**ACTIVITY**
Go through the entries below and give the number of lines that have the string "HGround", and only that.

**Records excerpted from a collection**
***
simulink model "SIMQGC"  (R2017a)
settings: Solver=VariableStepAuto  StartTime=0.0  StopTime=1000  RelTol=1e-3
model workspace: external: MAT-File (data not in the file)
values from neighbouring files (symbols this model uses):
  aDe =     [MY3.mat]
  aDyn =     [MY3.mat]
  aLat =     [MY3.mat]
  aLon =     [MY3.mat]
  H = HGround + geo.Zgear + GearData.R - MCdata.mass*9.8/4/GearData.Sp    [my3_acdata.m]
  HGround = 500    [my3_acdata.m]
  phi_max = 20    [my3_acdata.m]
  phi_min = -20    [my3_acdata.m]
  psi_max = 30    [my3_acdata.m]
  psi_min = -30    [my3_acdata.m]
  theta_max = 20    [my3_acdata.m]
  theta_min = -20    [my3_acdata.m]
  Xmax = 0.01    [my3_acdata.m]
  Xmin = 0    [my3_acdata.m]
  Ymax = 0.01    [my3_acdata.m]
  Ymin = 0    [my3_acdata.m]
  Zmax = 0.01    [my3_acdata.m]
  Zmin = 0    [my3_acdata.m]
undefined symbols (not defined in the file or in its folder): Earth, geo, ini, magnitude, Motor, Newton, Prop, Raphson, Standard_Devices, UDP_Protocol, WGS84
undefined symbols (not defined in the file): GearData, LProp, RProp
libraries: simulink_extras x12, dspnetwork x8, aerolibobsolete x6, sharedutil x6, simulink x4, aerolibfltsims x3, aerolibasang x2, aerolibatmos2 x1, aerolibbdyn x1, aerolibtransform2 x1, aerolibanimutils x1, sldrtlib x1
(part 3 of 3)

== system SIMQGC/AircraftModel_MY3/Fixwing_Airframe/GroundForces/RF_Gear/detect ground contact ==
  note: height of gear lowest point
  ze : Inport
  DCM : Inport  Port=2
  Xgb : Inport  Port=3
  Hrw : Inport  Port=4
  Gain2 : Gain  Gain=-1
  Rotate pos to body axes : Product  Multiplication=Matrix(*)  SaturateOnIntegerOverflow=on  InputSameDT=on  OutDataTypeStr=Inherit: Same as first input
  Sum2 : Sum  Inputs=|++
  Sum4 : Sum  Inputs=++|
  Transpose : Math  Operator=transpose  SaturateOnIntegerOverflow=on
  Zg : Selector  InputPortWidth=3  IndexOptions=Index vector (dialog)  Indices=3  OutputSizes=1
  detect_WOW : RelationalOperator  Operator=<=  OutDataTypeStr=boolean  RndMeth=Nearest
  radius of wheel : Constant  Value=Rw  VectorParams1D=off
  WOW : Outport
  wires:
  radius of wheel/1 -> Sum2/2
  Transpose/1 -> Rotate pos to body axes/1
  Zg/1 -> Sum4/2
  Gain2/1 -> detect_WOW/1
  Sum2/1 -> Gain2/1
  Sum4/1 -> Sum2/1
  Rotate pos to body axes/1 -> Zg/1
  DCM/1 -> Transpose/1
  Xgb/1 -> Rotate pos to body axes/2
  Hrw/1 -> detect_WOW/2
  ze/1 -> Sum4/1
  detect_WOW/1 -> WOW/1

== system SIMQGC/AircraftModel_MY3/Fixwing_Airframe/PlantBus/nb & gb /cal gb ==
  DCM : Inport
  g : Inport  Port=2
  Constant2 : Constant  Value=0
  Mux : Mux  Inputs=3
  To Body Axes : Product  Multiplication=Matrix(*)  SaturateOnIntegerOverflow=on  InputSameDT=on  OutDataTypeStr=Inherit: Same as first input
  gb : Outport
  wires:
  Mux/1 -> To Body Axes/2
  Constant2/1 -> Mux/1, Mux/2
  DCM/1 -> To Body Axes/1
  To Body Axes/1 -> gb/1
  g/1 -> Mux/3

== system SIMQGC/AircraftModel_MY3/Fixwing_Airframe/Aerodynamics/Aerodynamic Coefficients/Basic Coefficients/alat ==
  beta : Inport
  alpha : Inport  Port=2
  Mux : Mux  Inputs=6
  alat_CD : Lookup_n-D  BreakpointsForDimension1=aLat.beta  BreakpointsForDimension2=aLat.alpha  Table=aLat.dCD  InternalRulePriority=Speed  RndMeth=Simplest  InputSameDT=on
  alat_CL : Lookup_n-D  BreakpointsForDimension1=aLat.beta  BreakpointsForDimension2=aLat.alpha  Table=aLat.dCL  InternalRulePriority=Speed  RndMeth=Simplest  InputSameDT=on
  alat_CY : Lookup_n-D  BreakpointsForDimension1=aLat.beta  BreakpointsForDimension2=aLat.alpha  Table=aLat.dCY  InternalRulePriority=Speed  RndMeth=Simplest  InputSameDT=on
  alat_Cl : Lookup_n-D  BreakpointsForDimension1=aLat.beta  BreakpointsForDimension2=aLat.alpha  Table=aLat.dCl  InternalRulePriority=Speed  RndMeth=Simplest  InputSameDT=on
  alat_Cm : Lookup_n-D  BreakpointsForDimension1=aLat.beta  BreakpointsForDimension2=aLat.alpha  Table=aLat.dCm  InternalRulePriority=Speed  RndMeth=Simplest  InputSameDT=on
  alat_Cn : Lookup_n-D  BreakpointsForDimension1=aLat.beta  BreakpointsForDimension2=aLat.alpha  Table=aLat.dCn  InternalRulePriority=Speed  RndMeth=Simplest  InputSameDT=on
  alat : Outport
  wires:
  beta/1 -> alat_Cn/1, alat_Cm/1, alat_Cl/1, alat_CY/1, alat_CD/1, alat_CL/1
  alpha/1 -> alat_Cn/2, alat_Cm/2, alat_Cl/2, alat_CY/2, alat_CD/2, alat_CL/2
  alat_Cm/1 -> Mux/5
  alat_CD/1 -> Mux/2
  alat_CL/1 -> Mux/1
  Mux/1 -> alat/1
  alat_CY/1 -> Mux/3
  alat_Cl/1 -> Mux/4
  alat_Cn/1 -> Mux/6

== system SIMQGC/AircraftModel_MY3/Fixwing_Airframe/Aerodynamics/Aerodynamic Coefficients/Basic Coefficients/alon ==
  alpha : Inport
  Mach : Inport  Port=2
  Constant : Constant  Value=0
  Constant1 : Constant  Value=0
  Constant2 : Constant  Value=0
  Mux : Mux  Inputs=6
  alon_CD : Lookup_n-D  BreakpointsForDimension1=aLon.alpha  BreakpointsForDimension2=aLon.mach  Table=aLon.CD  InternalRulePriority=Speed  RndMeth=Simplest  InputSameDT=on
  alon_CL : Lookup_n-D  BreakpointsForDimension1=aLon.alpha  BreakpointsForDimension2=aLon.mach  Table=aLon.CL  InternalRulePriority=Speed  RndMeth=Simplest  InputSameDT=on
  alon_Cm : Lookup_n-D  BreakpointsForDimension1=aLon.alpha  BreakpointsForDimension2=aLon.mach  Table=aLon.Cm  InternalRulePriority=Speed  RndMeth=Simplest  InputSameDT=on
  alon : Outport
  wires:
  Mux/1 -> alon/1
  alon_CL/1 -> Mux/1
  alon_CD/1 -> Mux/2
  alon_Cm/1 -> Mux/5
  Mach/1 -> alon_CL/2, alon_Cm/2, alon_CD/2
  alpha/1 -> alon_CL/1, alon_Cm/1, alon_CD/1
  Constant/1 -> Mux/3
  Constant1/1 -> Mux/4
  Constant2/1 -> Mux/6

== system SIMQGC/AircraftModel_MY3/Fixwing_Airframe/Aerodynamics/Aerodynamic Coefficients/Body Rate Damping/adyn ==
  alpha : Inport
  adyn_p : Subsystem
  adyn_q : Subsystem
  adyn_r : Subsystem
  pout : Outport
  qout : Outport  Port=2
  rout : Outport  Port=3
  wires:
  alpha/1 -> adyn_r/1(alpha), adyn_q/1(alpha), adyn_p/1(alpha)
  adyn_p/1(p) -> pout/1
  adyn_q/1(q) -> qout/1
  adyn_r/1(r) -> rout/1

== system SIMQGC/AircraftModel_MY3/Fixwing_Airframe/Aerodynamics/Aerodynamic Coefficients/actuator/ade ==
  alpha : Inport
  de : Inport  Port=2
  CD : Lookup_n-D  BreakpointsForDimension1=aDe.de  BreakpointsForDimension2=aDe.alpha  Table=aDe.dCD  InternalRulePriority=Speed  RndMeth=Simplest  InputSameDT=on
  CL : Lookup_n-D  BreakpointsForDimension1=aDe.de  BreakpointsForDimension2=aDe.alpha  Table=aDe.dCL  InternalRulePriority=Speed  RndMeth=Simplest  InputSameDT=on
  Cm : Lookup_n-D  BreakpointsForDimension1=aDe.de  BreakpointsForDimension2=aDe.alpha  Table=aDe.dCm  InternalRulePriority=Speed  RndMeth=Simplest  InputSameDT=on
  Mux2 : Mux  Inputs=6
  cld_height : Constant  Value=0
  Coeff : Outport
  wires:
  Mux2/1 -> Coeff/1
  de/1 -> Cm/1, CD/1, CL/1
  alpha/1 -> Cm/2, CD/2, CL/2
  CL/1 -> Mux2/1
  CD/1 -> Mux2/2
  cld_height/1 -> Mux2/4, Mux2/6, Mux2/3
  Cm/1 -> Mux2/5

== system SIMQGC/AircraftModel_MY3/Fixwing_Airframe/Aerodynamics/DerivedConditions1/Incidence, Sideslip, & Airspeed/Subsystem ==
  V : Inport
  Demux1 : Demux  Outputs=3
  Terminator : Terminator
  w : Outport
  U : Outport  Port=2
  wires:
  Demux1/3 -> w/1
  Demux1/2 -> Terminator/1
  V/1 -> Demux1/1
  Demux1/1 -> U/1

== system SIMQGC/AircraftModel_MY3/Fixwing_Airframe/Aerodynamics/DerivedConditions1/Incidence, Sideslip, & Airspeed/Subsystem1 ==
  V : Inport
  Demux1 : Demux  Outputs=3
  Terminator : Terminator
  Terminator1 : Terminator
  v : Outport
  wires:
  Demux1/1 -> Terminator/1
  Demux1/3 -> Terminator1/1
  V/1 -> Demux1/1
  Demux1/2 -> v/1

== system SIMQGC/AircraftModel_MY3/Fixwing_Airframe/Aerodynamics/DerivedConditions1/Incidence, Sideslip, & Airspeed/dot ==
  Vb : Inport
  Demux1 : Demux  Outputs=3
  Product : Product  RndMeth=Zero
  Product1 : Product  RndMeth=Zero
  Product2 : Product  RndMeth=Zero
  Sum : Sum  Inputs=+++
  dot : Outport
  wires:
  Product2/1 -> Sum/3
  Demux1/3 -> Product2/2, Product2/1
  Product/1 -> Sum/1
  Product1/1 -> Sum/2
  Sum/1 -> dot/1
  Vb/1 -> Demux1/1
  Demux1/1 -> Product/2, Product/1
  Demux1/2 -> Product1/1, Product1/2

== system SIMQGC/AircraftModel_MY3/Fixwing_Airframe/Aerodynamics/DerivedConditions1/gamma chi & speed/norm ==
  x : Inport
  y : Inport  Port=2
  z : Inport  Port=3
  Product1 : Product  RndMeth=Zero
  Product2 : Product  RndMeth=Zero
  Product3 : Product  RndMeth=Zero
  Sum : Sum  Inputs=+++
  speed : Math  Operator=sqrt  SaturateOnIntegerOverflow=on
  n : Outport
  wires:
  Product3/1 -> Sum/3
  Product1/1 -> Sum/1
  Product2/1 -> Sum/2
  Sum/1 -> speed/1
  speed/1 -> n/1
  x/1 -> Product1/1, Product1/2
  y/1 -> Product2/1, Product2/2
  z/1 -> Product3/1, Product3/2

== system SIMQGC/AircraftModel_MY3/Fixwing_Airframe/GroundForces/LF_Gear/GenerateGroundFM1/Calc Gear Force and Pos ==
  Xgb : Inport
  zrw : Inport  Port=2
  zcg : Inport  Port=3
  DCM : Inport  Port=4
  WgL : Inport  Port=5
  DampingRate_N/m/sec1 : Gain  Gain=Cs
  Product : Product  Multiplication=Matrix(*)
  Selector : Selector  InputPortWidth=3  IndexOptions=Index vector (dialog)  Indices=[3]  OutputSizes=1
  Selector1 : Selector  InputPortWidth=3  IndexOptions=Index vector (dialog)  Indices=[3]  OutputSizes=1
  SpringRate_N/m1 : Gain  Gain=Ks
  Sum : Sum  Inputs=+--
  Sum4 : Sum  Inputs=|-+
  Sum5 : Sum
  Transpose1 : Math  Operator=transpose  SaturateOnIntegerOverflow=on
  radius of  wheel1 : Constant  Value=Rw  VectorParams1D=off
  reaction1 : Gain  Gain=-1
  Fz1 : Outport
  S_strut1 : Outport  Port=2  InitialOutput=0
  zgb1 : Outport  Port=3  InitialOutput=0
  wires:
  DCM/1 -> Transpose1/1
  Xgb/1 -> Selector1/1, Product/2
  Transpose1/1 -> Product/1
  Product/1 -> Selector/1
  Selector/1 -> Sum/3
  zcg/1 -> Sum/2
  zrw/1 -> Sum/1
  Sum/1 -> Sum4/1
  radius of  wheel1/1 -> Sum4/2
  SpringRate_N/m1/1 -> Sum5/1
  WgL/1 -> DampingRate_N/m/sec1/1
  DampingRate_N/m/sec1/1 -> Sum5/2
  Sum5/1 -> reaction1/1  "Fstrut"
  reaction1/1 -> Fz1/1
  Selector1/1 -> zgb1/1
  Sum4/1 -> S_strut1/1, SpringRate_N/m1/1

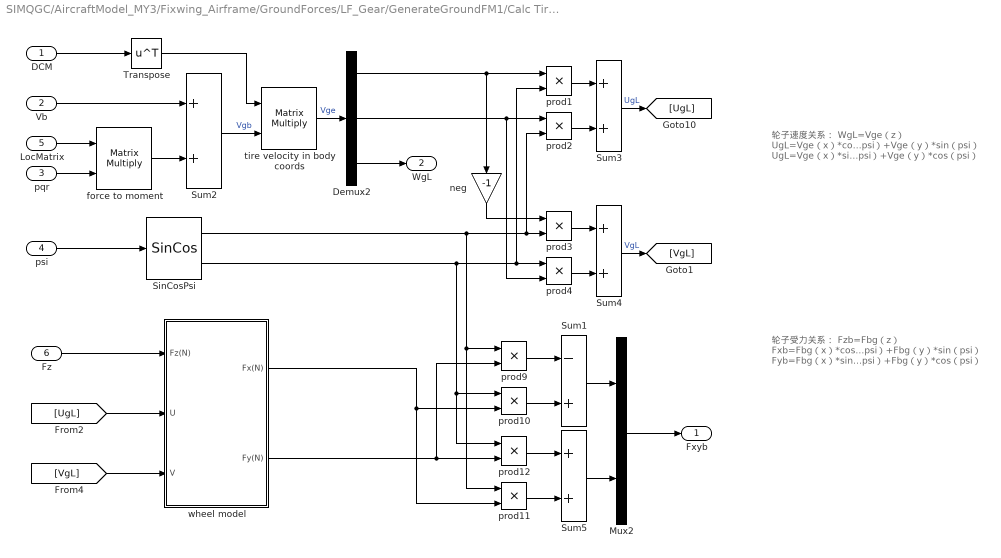
== system SIMQGC/AircraftModel_MY3/Fixwing_Airframe/GroundForces/LF_Gear/GenerateGroundFM1/Calc Tire Force ==
  note: 轮子速度关系：
      | WgL=Vge（z）
      | UgL=Vge（x）*cos（psi）+Vge（y）*sin（psi）
      | UgL=Vge（x）*sin（psi）+Vge（y）*cos（psi）
  note: 轮子受力关系：
      | Fzb=Fbg（z）
      | Fxb=Fbg（x）*cos（psi）+Fbg（y）*sin（psi）
      | Fyb=Fbg（x）*sin（psi）+Fbg（y）*cos（psi）
  DCM : Inport
  Vb : Inport  Port=2
  pqr : Inport  Port=3
  psi : Inport  Port=4
  LocMatrix : Inport  Port=5
  Fz : Inport  Port=6
  Demux2 : Demux  Outputs=3
  Mux2 : Mux  Inputs=2
  SinCosPsi : aerolibobsolete/SinCos
      settings: SourceProductName=Aerospace Blockset  SourceProductBaseCode=AE
  Sum1 : Sum  Inputs=-+
  Sum2 : Sum  Inputs=2
  Sum3 : Sum  Inputs=2
  Sum4 : Sum  Inputs=2
  Sum5 : Sum
  Transpose : Math  Operator=transpose  SaturateOnIntegerOverflow=on
  force to moment : Product  Multiplication=Matrix(*)  SaturateOnIntegerOverflow=on  InputSameDT=on  OutDataTypeStr=Inherit: Same as first input
  neg : Gain  Gain=-1
  prod{1..4,9..12} (8 alike) : Product  RndMeth=Zero
  tire velocity in body coords : Product  Multiplication=Matrix(*)  SaturateOnIntegerOverflow=on  InputSameDT=on  OutDataTypeStr=Inherit: Same as first input
  wheel model : Subsystem
  Fxyb : Outport  InitialOutput=0
  WgL : Outport  Port=2  InitialOutput=0
  wires:
  psi/1 -> SinCosPsi/1
  Sum4/1 -> [VgL]  "VgL"
  [VgL] -> wheel model/3(V)
  [UgL] -> wheel model/2(U)
  Mux2/1 -> Fxyb/1
  Sum5/1 -> Mux2/2
  Sum1/1 -> Mux2/1
  prod11/1 -> Sum5/2
  prod12/1 -> Sum5/1
  prod10/1 -> Sum1/2
  prod9/1 -> Sum1/1
  force to moment/1 -> Sum2/2
  Sum2/1 -> tire velocity in body coords/2  "Vgb"
  tire velocity in body coords/1 -> Demux2/1  "Vge"
  Demux2/1 -> neg/1, prod1/1
  Demux2/2 -> prod2/1, prod4/2
  prod1/1 -> Sum3/1
  prod2/1 -> Sum3/2
  prod3/1 -> Sum4/1
  prod4/1 -> Sum4/2
  Sum3/1 -> [UgL]  "UgL"
  neg/1 -> prod3/1
  SinCosPsi/1 -> prod11/1, prod9/1, prod2/2, prod3/2
  SinCosPsi/2 -> prod12/1, prod10/1, prod1/2, prod4/1
  Vb/1 -> Sum2/1
  LocMatrix/1 -> force to moment/1
  pqr/1 -> force to moment/2
  DCM/1 -> Transpose/1
  Transpose/1 -> tire velocity in body coords/1
  wheel model/1(Fx(N)) -> prod11/2, prod10/2
  wheel model/2(Fy(N)) -> prod9/2, prod12/2
  Fz/1 -> wheel model/1(Fz(N))
  Demux2/3 -> WgL/1

== system SIMQGC/AircraftModel_MY3/Fixwing_Airframe/GroundForces/LF_Gear/GenerateGroundFM1/LocMatrix ==
  xgb : Inport
  ygb : Inport  Port=2
  zgb : Inport  Port=3
  Create 3x3 Matrix : sharedutil/Create 3x3 Matrix
  Sum : Sum  Inputs=++|
  inv1 : Gain  Gain=-1
  inv2 : Gain  Gain=-1
  inv4 : Gain  Gain=-1
  zero1 : Constant  Value=0  SampleTime=0
  zero2 : Constant  Value=0  SampleTime=0
  zero3 : Constant  Value=0  SampleTime=0
  zero4 : Constant  Value=Rw  SampleTime=0
  A : Outport
  wires:
  xgb/1 -> Create 3x3 Matrix/6, inv2/1
  ygb/1 -> inv1/1, Create 3x3 Matrix/7
  Create 3x3 Matrix/1 -> A/1
  zero1/1 -> Create 3x3 Matrix/1
  zero2/1 -> Create 3x3 Matrix/5
  zero3/1 -> Create 3x3 Matrix/9
  inv1/1 -> Create 3x3 Matrix/3
  inv4/1 -> Create 3x3 Matrix/4
  inv2/1 -> Create 3x3 Matrix/8
  zgb/1 -> Sum/2
  zero4/1 -> Sum/1
  Sum/1 -> inv4/1, Create 3x3 Matrix/2

== system SIMQGC/AircraftModel_MY3/Fixwing_Airframe/GroundForces/LM_Gear/GenerateGroundFM1/Calc Gear Force and Pos ==
  Xgb : Inport
  zrg : Inport  Port=2
  zcg : Inport  Port=3
  DCM : Inport  Port=4
  WgL : Inport  Port=5
  DampingRate_N/m/sec1 : Gain  Gain=Cs
  Product : Product  Multiplication=Matrix(*)
  Selector : Selector  InputPortWidth=3  IndexOptions=Index vector (dialog)  Indices=[3]  OutputSizes=1
  Selector1 : Selector  InputPortWidth=3  IndexOptions=Index vector (dialog)  Indices=[3]  OutputSizes=1
  SpringRate_N/m1 : Gain  Gain=Ks
  Sum : Sum  Inputs=+--
  Sum4 : Sum  Inputs=|-+
  Sum5 : Sum
  Transpose1 : Math  Operator=transpose  SaturateOnIntegerOverflow=on
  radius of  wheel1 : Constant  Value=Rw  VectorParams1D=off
***
**RESPONSE FOR THIS EXERCISE**
2